Escribió Pablo VI: “Nuestra época conoce numerosos obstáculos, de entre los cuales nos contentamos con mencionar la falta de fervor. Es tanto más grave cuanto que viene del interior; se manifiesta en la fatiga y el desencanto, la rutina y el desinterés, y sobre todo en la falta de alegría y de esperanza”. Y frente a ello exhortaba, principalmente a los que tienen la tarea de evangelizar en alimentar en ellos el fervor del Espíritu. Y señalaba como ejemplo a san Juan Bautista, del que nos habla el evangelio de hoy.
Se refería el Papa, al hablar del Precursor, a un “aliento interior que nadie ni nada sabría explicar”. Conocemos, aunque no aparezca en el texto de este domingo, que fueron multitudes las que se acercaron a las orillas del Jordán para escuchar a aquel profeta que, desde el desierto, anunciaba la cercanía de Cristo. Juan el Bautista fue arrastrado por una fuerza interior y él mismo, con su vida y sus enseñanzas, se convirtió en un signo de esperanza. Si pensamos en el Precursor vemos que cultivó el don de Dios en el silencio interior, que a su vez era custodiado por el silencio del desierto. Pero aquel no fue un silencio infecundo. Podríamos decir que Juan se llenó interiormente para después entregarse del todo.
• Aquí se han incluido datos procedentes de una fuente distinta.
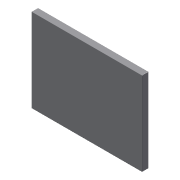
# Autodesk Inventor part: BeddingStopper
Saved by Autodesk Inventor 2016 (Build 200138000, 138)
## iProperties
Created: 2018-04-09
Part Number: BeddingStopper
Material: Generic
Document SubType Name: Sheet Metal
Designer: reinert
Density: 1 g/cm^3
Sheet Metal Rule: Default_mm
Appearance: Default
Author: reinert
Autodesk Inventor part; units mm, degrees
note: some values were not read from the file. Chosen so that the rebuilt part matches the saved one: corner form of "Plate2".
ref_plane "YZ Plane" through (0, 0, 0) normal (1, 0, 0) x (0, 1, 0)
ref_plane "XZ Plane" through (0, 0, 0) normal (0, 1, 0) x (-1, 0, 0)
ref_plane "XY Plane" through (0, 0, 0) normal (0, 0, 1) x (1, 0, 0)
sketch "Sketch1" plane through (0, 0, 0) normal (0, 1, 0) x (-1, 0, 0)
  line L0 (0, 0) -> (700, 0)
  line L1 (700, 0) -> (700, -529.8)
  line L2 (700, -529.8) -> (0, -529.8)
  line L3 (0, -529.8) -> (0, 0)
  dimension "d0" = 700
  dimension "d1" = 529.8
  measures "d0" distance of L1.end L2.end
  measures "d1" distance of L0.end L1.end
extrude "Plate1" add sketch "Sketch1" along normal blind 0.5
sketch "Sketch2" plane through (-700, 0, -529.3) normal (0, 0, -1) x (-1, 0, 0)
  line L0 (-700, 0) -> (0, 0)
  line L1 (0, 0) -> (0, 40)
  line L2 (0, 40) -> (-700, 40)
  line L3 (-700, 40) -> (-700, 0)
  constraints: 6 end point, 1 horizontal, 1 perpendicular, 1 vertical
edge flange "Flange1" height 40 angle 90 thickness 0.5 bend radius 0.5 thickness toward (0, 0, -1) relief tear relief width 0.5 relief depth 0.25 corner gap 0.5 corner form 2 edges at (-350, 0.5, -529.8) (0, 0.5, -264.9) (-350, 0.5, 0) (-700, 0.5, -264.9) wall of the first edge with corners at (0, 0, -529.3) (-700, 0, -529.3) (-700, 40, -529.3) (0, 40, -529.3)
bend "Bend1"
corner "Corner1"
equation "\"d3\" = BendReliefWidth"
equation "\"d4\" = BendReliefDepth"
equation "\"d5\" = MinimumRemnant"
equation "\"d6\" = BendRadius"
equation "\"d9\" = BendRadius"
equation "\"d10\" = CornerReliefSize"
equation "\"d11\" = GapSize"
equation "\"d12\" = JacobiRadiusSize"
equation "\"BendRadius\" = Thickness"
equation "\"BendReliefWidth\" = Thickness"
equation "\"BendReliefDepth\" = 0.5 * Thickness"
equation "\"CornerReliefSize\" = 4 * Thickness"
equation "\"MinimumRemnant\" = 2 * Thickness"
equation "\"TransitionRadius\" = BendRadius"
equation "\"JacobiRadiusSize\" = BendRadius"
equation "\"GapSize\" = Thickness"
equation "\"d2\" = BendRadius"
equation "\"Thickness\" = 0.5"
body "Solid1"
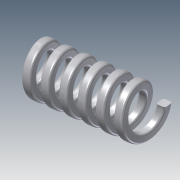
# Autodesk Inventor part: torsion spring
Saved by Autodesk Inventor 2015 (Build 190159000, 159)
## iProperties
Created: 2017-05-07
Part Number: torsion spring
Material: 일반
Document SubType Name: Modeling
Designer: gatew
Density: 1 g/cm^3
Appearance: 기본값
Author: gatew
Autodesk Inventor part; units mm, degrees
ref_plane "YZ Plane" through (0, 0, 0) normal (1, 0, 0) x (0, 1, 0)
ref_plane "XZ Plane" through (0, 0, 0) normal (0, 1, 0) x (-1, 0, 0)
ref_plane "XY Plane" through (0, 0, 0) normal (0, 0, 1) x (1, 0, 0)
sketch "스케치5" plane through (0, 0, 0) normal (1, 0, 0) x (0, 1, 0)
  line L0 (0, 0) -> (-25, 0)
  line L1 (0.5, 5.5) -> (-0.5, 5.5)
  line L2 (-1, 5) -> (-1, 4)
  line L3 (-0.5, 3.5) -> (0.5, 3.5)
  line L4 (1, 4) -> (1, 5)
  line L5 (1, 5.5) -> (-1, 3.5) construction
  line L6 (-1, 5.5) -> (1, 3.5) construction
  arc A0 (-0.5, 5.5) -> (-1, 5) centre (-0.5, 5) ccw
  arc A1 (-1, 4) -> (-0.5, 3.5) centre (-0.5, 4) ccw
  arc A2 (0.5, 3.5) -> (1, 4) centre (0.5, 4) ccw
  arc A3 (1, 5) -> (0.5, 5.5) centre (0.5, 5) ccw
  point P0 (0, 4.5)
  dimension "d29" = 25
  dimension "d30" = 2
  dimension "d31" = 2
  dimension "d32" = 9
  dimension "d41" = 0.5
  dimension "d42" = 0.5
  constraints: 14 end point, 8 point on circle, 8 point on line, 8 tangent, 4 centre point, 2 equal radius, 2 horizontal, 2 midpoint, 2 parallel, 1 perpendicular
  measures "d29" distance of L0.start L0.end
  measures "d30" distance of L6.end L5.end
  measures "d31" distance of L5.end L6.start
  measures "d32" diameter of point (0, 4.5) L0
  measures "d41" radius of A0
  measures "d42" radius of A1
coil "코일3" sketch "스케치5" operation add axis through (0, 0, 0) along (0, -1, 0) pitch 4 turns 6.25 hand right
equation "\"d34\" = d29"
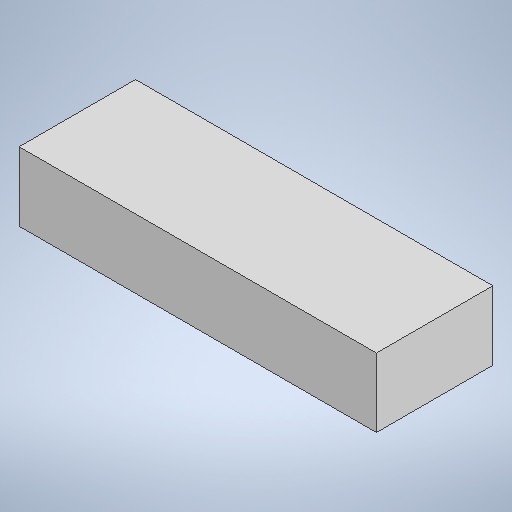
# Autodesk Inventor part: Battery
Saved by Autodesk Inventor 2025 (Build 290162010, 162A)
## iProperties
Created: 2024-09-12
Part Number: Battery
Material: Generic
Document SubType Name: Modeling
Designer: fist5
Density: 1 g/cm^3
Appearance: Default
Author: fist5
Autodesk Inventor part; units mm, degrees
ref_plane "YZ Plane" through (0, 0, 0) normal (1, 0, 0) x (0, 1, 0)
ref_plane "XZ Plane" through (0, 0, 0) normal (0, 1, 0) x (-1, 0, 0)
ref_plane "XY Plane" through (0, 0, 0) normal (0, 0, 1) x (1, 0, 0)
sketch "Sketch1" plane through (0, 0, 0) normal (0, 1, 0) x (-1, 0, 0)
  line L0 (67.5, -22) -> (-67.5, -22)
  line L1 (-67.5, -22) -> (-67.5, 22)
  line L2 (-67.5, 22) -> (67.5, 22)
  line L3 (67.5, 22) -> (67.5, -22)
  line L4 (67.5, -22) -> (-67.5, 22) construction
  line L5 (-67.5, -22) -> (67.5, 22) construction
  point P0 (0, 0)
  dimension "d0" = 135
  dimension "d1" = 44
  constraints: 12 end point, 2 midpoint, 2 parallel, 1 horizontal, 1 perpendicular
  measures "d0" distance between parallel lines of L1 L3
  measures "d1" distance between parallel lines of L2 L0
extrude "Extrusion1" add sketch "Sketch1" along normal blind 26
body "Solid1"
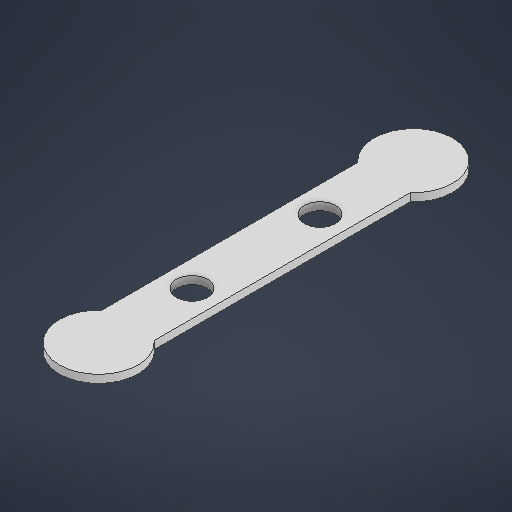
# Autodesk Inventor part: ramenovaPricka
Saved by Autodesk Inventor 2026 (Build 300175000, 175)
## iProperties
Created: 2025-04-11
Part Number: ramenovaPricka
Material: Generic
Document SubType Name: Modeling
Designer: vitgr
Density: 1 g/cm^3
Appearance: Default
Author: vitgr
Autodesk Inventor part; units mm, degrees
ref_plane "YZ Plane" through (0, 0, 0) normal (1, 0, 0) x (0, 1, 0)
ref_plane "XZ Plane" through (0, 0, 0) normal (0, 1, 0) x (-1, 0, 0)
ref_plane "XY Plane" through (0, 0, 0) normal (0, 0, 1) x (1, 0, 0)
sketch "Sketch1" plane through (0, 0, 0) normal (0, 1, 0) x (-1, 0, 0)
  line L0 (0, 0) -> (0, 75)
  line L1 (0, 0) -> (0, -75)
  line L2 (0, -75) -> (0, -60)
  circle A0 centre (0, -60) radius 15
  circle A1 centre (0, 60) radius 15
  line L3 (-10, 45) -> (-10, -48.8197)
  line L4 (10, 45) -> (10, -48.8197)
  line L5 (10, 45) -> (10, 48.8197)
  line L6 (-10, 45) -> (-10, 48.8197)
  line L7 (10, 45) -> (-10, 45)
  line L8 (-10, -48.8197) -> (-10, 0)
  line L9 (0, -24.4098) -> (10, -24.4098)
  line L10 (10, 0) -> (0, 0)
  line L11 (0, 24.4098) -> (10, 24.4098)
  line L12 (0, -24.4098) -> (-10, -24.4098)
  line L13 (0, 24.4098) -> (-10, 24.4098)
  circle A2 centre (0, -24.4098) radius 6
  circle A3 centre (0, 24.4098) radius 6
  dimension "d1" = 75
  dimension "d2" = 75
  dimension "d3" = 15
  dimension "d6" = 20
  dimension "d7" = 97.6393
  dimension "d10" = 12
  dimension "d11" = 12
  constraints: 28 end point, 5 point on circle, 4 centre point, 4 point on line, 4 symmetric about line, 3 coincident, 3 vertical, 2 perpendicular, 1 horizontal, 1 parallel
  measures "d1" distance of L0.start L0.end
  measures "d2" distance of L0.start L1.end
  measures "d3" distance of L1.end L2.end
  measures "d6" distance of L4.start L3.start
  measures "d7" distance of L3.end L6.end
  measures "d10" diameter of A2
  measures "d11" diameter of A3
extrude "Extrusion1" add sketch "Sketch1" along normal blind 3 contours L1 A2 L12 L3 L13 A3 L0 | L10 L4 L9 A2 L1 | L0 A3 L11 L4 L10 | L13 L3 L7 L0 A3 | A3 L0 L7 L4 L11 | L9 L4 A0 L1 A2 | A2 L1 A0 L3 L12 | L7 A1 L5 | A0 L1 | A1 L0 | L7 L6 A1 | L0 A1 | L1 A0
body "Solid1"

Así, el evangelio de hoy nos habla en dos direcciones. Por una parte está el mensaje de Juan, que nos exhorta a preparar un camino para el Señor. Sabemos que él viene a salvarnos, pero que también quiere que nosotros nos preparemos a recibirlo. Juan nos llama a dejarnos tocar por la misericordia de Dios, a quitar las resistencias que podamos tener. Pero también hoy se nos anima a, como Juan, dar testimonio de nuestra esperanza. ¿Qué atraía de aquel hombre que vivía austeramente? Seguramente la gente veía que sus palabras quedaban corroboradas por su misma vida y que, por tanto, lo que anunciaba encontraba alguna confirmación en su mismo modo de comportarse. La palabra que anunciaba también le transformaba a él. No era un discurso improvisado o simplemente aprendido que se contentaba con repetir. Lo que anunciaba configuraba su misma vida.
En un sentido parecido nos habla el apóstol san Pablo. Él, abocado totalmente al anuncio del evangelio, señala: “Esta es nuestra confianza: que el que ha inaugurado entre vosotros una empresa buena, la llevará adelante hasta el día de Cristo Jesús”. El apóstol habla de dos cosas íntimamente unidas. Por una parte nos recuerda que nuestra esperanza está puesta en el día de Cristo, hacia el que avanzamos unidos a toda la Iglesia. Por otra parte nos señala que en ese prepararnos para el encuentro con el Señor somos acompañados por él, por su gracia. Ello da fundamento a nuestra esperanza y, al mismo tiempo, permite que crezca cada día.
Y en ese mismo sentido el apóstol señala un camino para crecer en la esperanza. Es lo que él pide al Señor para sus amigos y que nosotros también hemos de pedir: que nuestra “comunidad de amor siga creciendo más en penetración y en sensibilidad para apreciar los valores”. La esperanza es la de toda la Iglesia. Y la relación de amor entre los cristianos ayuda a comprender mejor los signos de los tiempos y a afianzarnos en las promesas de Cristo.
Que la Virgen María y san José que esperaron juntos el nacimiento de Jesús nos ayuden durante estos días.